Required action: Starting at the line with "- [License](#license)" and going on through the line with "1. Open **Betaflight Configurator**.", reproduce each line in the records below exactly and nothing more.
(Source records Opens)
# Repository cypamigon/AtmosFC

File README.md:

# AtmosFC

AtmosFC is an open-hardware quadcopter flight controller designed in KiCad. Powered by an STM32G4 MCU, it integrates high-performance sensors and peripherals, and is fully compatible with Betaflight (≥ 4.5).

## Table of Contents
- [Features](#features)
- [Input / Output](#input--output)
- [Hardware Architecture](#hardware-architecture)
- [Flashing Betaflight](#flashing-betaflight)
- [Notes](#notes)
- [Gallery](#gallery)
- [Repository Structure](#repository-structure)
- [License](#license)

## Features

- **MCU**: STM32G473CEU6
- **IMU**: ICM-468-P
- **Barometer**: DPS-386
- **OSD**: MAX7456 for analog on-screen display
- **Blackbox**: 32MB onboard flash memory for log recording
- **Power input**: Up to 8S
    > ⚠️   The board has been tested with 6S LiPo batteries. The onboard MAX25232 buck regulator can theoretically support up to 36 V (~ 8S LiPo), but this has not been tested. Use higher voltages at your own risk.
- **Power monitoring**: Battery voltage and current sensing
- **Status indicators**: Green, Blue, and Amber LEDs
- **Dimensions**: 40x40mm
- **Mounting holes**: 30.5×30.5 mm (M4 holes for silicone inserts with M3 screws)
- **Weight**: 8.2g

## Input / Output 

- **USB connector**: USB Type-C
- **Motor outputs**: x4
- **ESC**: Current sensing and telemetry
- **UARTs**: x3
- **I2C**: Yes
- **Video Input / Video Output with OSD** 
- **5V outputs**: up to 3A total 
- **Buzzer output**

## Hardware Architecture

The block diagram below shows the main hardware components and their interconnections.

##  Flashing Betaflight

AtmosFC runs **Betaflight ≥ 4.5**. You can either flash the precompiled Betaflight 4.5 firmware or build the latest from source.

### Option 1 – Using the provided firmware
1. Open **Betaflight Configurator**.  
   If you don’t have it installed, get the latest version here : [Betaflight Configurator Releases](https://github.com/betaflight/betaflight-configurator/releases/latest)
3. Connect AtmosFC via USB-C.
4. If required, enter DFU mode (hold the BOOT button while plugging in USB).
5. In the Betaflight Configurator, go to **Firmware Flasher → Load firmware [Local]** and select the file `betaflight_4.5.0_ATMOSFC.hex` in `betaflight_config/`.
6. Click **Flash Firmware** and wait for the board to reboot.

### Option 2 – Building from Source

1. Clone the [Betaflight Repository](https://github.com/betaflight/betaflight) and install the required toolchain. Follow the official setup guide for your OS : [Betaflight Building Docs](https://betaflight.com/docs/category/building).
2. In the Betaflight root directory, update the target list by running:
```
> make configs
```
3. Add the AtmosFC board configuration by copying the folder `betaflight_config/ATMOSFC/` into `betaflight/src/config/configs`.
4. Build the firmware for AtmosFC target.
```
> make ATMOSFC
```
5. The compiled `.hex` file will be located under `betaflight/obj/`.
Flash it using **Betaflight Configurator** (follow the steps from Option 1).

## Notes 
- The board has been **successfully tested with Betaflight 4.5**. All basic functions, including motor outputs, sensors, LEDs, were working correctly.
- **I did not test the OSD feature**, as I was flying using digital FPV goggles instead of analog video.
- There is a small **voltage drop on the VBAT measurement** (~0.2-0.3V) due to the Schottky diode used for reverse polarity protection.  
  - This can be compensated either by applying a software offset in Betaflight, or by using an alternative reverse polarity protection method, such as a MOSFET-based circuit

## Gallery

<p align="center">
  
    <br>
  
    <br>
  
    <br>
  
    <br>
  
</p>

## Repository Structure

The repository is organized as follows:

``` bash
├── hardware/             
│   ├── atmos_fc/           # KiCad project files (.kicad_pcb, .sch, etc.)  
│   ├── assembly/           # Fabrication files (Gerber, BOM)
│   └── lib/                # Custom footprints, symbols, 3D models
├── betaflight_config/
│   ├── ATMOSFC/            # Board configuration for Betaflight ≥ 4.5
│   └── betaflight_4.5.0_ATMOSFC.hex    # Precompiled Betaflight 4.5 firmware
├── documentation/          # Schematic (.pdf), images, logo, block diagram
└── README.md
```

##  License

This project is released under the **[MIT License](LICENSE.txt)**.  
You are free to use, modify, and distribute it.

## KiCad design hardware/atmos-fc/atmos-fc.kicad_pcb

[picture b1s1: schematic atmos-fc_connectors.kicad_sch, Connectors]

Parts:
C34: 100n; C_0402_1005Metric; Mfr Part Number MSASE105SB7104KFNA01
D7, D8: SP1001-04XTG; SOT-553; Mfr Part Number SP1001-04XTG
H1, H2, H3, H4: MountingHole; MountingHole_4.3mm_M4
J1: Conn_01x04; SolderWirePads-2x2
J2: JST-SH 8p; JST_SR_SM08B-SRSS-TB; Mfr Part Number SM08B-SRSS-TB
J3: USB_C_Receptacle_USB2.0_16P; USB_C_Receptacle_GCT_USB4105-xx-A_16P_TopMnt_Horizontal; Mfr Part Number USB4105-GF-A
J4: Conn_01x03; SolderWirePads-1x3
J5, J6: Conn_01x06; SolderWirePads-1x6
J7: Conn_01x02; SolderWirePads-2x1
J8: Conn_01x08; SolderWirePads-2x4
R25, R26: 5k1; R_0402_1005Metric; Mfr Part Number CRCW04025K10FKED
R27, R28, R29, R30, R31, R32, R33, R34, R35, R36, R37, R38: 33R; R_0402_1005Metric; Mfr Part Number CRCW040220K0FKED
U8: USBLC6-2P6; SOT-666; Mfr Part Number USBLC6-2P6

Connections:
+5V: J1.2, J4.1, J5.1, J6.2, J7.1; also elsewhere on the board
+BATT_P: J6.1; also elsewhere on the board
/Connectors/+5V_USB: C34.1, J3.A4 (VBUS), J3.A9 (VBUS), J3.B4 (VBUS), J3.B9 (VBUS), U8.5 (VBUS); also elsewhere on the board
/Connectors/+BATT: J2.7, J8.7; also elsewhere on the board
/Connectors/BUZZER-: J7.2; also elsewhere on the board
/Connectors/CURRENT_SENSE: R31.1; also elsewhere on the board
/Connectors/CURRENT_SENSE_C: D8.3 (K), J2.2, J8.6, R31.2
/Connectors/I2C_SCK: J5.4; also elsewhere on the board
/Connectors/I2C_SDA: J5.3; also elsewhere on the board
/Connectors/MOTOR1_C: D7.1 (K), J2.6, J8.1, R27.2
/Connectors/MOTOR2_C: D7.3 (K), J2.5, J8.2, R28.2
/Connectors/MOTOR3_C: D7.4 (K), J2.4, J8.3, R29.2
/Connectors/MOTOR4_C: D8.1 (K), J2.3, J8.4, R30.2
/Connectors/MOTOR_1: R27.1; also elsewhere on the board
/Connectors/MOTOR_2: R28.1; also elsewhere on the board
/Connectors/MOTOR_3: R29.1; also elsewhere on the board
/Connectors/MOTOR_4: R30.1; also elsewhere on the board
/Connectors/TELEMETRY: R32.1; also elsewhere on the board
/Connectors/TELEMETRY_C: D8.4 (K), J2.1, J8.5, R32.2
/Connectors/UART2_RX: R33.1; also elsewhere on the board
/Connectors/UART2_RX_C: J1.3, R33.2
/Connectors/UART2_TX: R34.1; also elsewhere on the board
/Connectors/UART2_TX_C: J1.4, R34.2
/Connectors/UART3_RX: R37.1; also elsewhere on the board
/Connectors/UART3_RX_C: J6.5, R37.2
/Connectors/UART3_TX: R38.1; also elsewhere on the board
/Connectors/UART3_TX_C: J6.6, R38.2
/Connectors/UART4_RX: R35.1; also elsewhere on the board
(Source records Closes)
Solution:
- [License](#license)

## Features

- **MCU**: STM32G473CEU6
- **IMU**: ICM-468-P
- **Barometer**: DPS-386
- **OSD**: MAX7456 for analog on-screen display
- **Blackbox**: 32MB onboard flash memory for log recording
- **Power input**: Up to 8S
    > ⚠️   The board has been tested with 6S LiPo batteries. The onboard MAX25232 buck regulator can theoretically support up to 36 V (~ 8S LiPo), but this has not been tested. Use higher voltages at your own risk.
- **Power monitoring**: Battery voltage and current sensing
- **Status indicators**: Green, Blue, and Amber LEDs
- **Dimensions**: 40x40mm
- **Mounting holes**: 30.5×30.5 mm (M4 holes for silicone inserts with M3 screws)
- **Weight**: 8.2g

## Input / Output 

- **USB connector**: USB Type-C
- **Motor outputs**: x4
- **ESC**: Current sensing and telemetry
- **UARTs**: x3
- **I2C**: Yes
- **Video Input / Video Output with OSD** 
- **5V outputs**: up to 3A total 
- **Buzzer output**

## Hardware Architecture

The block diagram below shows the main hardware components and their interconnections.

##  Flashing Betaflight

AtmosFC runs **Betaflight ≥ 4.5**. You can either flash the precompiled Betaflight 4.5 firmware or build the latest from source.

### Option 1 – Using the provided firmware
1. Open **Betaflight Configurator**.  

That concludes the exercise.